Toddler Foods Not Healthy As Advertised; Be Careful What You Feed Your Kids

Toddlers' foods advertised on different communication outlets often deny prescriptions of health specialists based on a research. The research discovered that baby foods were added with supplements not really recommended for many toddlers. Indeed looks can be deceiving.

As discovered by researchers from Rudd Center for Food Policy & Obesity, in 2015, toddler food manufacturers in the U.S paid out $77 million to market baby food, infant formula, and drinks and food for toddlers, mainly through Internet, magazines, and television.
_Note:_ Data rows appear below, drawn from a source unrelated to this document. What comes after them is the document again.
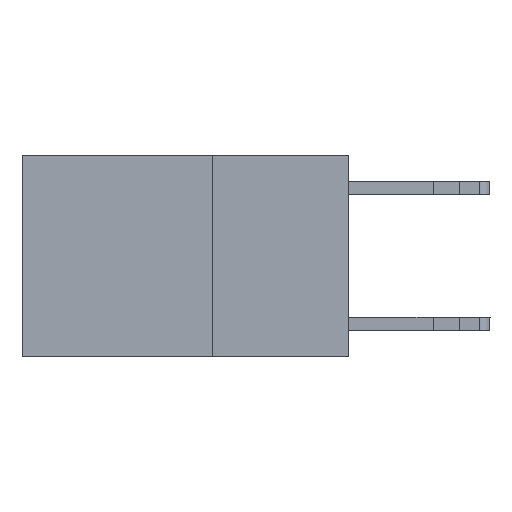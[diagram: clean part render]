
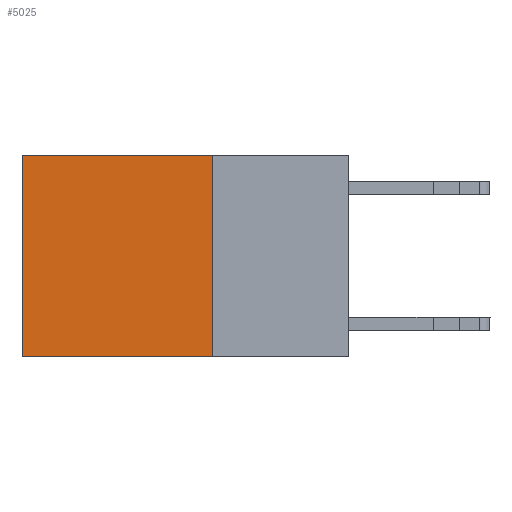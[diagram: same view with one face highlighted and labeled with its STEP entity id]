
A CAD part, left-side view. The second image highlights one B-rep face of the part: STEP entity #5025.
In plain terms, the highlighted planar face has unit normal (-1, 0, 0).
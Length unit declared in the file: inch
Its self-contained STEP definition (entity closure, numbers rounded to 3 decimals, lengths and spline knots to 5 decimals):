
#124 = LINE ( 'NONE', #3063, #1220 ) ;
#353 = VERTEX_POINT ( 'NONE', #16140 ) ;
#1175 = LINE ( 'NONE', #10474, #17804 ) ;
#1220 = VECTOR ( 'NONE', #16225, 39.37008 ) ;
#1689 = DIRECTION ( 'NONE',  ( 1., 0., 0. ) ) ;
#3063 = CARTESIAN_POINT ( 'NONE',  ( 0.2625, 0.25, 0. ) ) ;
#3291 = EDGE_CURVE ( 'NONE', #17190, #353, #3893, .T. ) ;
#3770 = CARTESIAN_POINT ( 'NONE',  ( 0.2625, 0.6, 0. ) ) ;
#3893 = LINE ( 'NONE', #15567, #16073 ) ;
#3973 = VECTOR ( 'NONE', #5209, 39.37008 ) ;
#4835 = DIRECTION ( 'NONE',  ( 0., 0., -1. ) ) ;
#4938 = VERTEX_POINT ( 'NONE', #5738 ) ;
#5025 = ADVANCED_FACE ( 'NONE', ( #16818 ), #16715, .F. ) ;
#5209 = DIRECTION ( 'NONE',  ( 0., 0., -1. ) ) ;
#5307 = LINE ( 'NONE', #6512, #3973 ) ;
#5738 = CARTESIAN_POINT ( 'NONE',  ( 0.2625, 0.6, -0.37 ) ) ;
#6044 = CARTESIAN_POINT ( 'NONE',  ( 0.2625, 0.25, 0. ) ) ;
#6445 = ORIENTED_EDGE ( 'NONE', *, *, #12269, .F. ) ;
#6512 = CARTESIAN_POINT ( 'NONE',  ( 0.2625, 0.6, 0. ) ) ;
#7356 = ORIENTED_EDGE ( 'NONE', *, *, #3291, .F. ) ;
#8004 = ORIENTED_EDGE ( 'NONE', *, *, #14842, .T. ) ;
#8622 = ORIENTED_EDGE ( 'NONE', *, *, #11747, .T. ) ;
#9455 = CARTESIAN_POINT ( 'NONE',  ( 0.2625, 0.25, 0. ) ) ;
#10474 = CARTESIAN_POINT ( 'NONE',  ( 0.2625, 0.25, -0.37 ) ) ;
#11199 = AXIS2_PLACEMENT_3D ( 'NONE', #6044, #1689, #4835 ) ;
#11589 = VERTEX_POINT ( 'NONE', #3770 ) ;
#11747 = EDGE_CURVE ( 'NONE', #17190, #11589, #124, .T. ) ;
#12269 = EDGE_CURVE ( 'NONE', #353, #4938, #1175, .T. ) ;
#13501 = EDGE_LOOP ( 'NONE', ( #8004, #6445, #7356, #8622 ) ) ;
#13548 = DIRECTION ( 'NONE',  ( 0., 1., 0. ) ) ;
#14002 = DIRECTION ( 'NONE',  ( 0., 0., -1. ) ) ;
#14842 = EDGE_CURVE ( 'NONE', #11589, #4938, #5307, .T. ) ;
#15567 = CARTESIAN_POINT ( 'NONE',  ( 0.2625, 0.25, 0. ) ) ;
#16073 = VECTOR ( 'NONE', #14002, 39.37008 ) ;
#16140 = CARTESIAN_POINT ( 'NONE',  ( 0.2625, 0.25, -0.37 ) ) ;
#16225 = DIRECTION ( 'NONE',  ( 0., 1., 0. ) ) ;
#16715 = PLANE ( 'NONE',  #11199 ) ;
#16818 = FACE_OUTER_BOUND ( 'NONE', #13501, .T. ) ;
#17190 = VERTEX_POINT ( 'NONE', #9455 ) ;
#17804 = VECTOR ( 'NONE', #13548, 39.37008 ) ;

In contrast, they spent $98 million on marketing products with vegetables and fruits which were made for the general population.

Researchers, led by Jennifer Harris, the marketing director of Rudd Center, looked at many data including those amounts spend on marketing, advertising claims, and messages in marketing and on the packages of the product and nutritional content of the products marketed. The researchers also analyzed marketing of toddler foods to Hispanic parents through the means of Spanish-language.

Findings showed that most of the advertised toddler food products were, in fact, healthy choices like pureed vegetables and fruits, whole dairy and grains products. However, most baby food manufacturers, about 60 percent, produced toddler foods which were included with ingredients not healthy for many toddlers.

Among the toddler foods with unhealthy supplements were snack foods with low nutrient content, liquid supplements high in calorie such as PediaSure and toddler milk high in sugar. Marlene Schwartz, director of Rudd Center for Food and Policy and Obesity said that many of the products manufacturers are advertising for toddler contain corn syrup, agave, sucrose and cane sugar which must be stopped.

"It's easy to make parents anxious about finicky eating and send them the message that their child might need these products," CBSNews quoted Harris as claiming. However most toddlers don't need those, says Angela Lemond, a pediatric nutrition specialist. Lemond also advised parents to get advice from a health-care provider and not from food marketing.

In the end, Harris said that their analysis shows that marketing for toddler and baby food, infant formula and toddler nutritional and milk supplements sometimes contradicts health experts' advice. He added that in few advertised toddler foods encourage parents to feed their toddler products which might not promote healthy eating habits.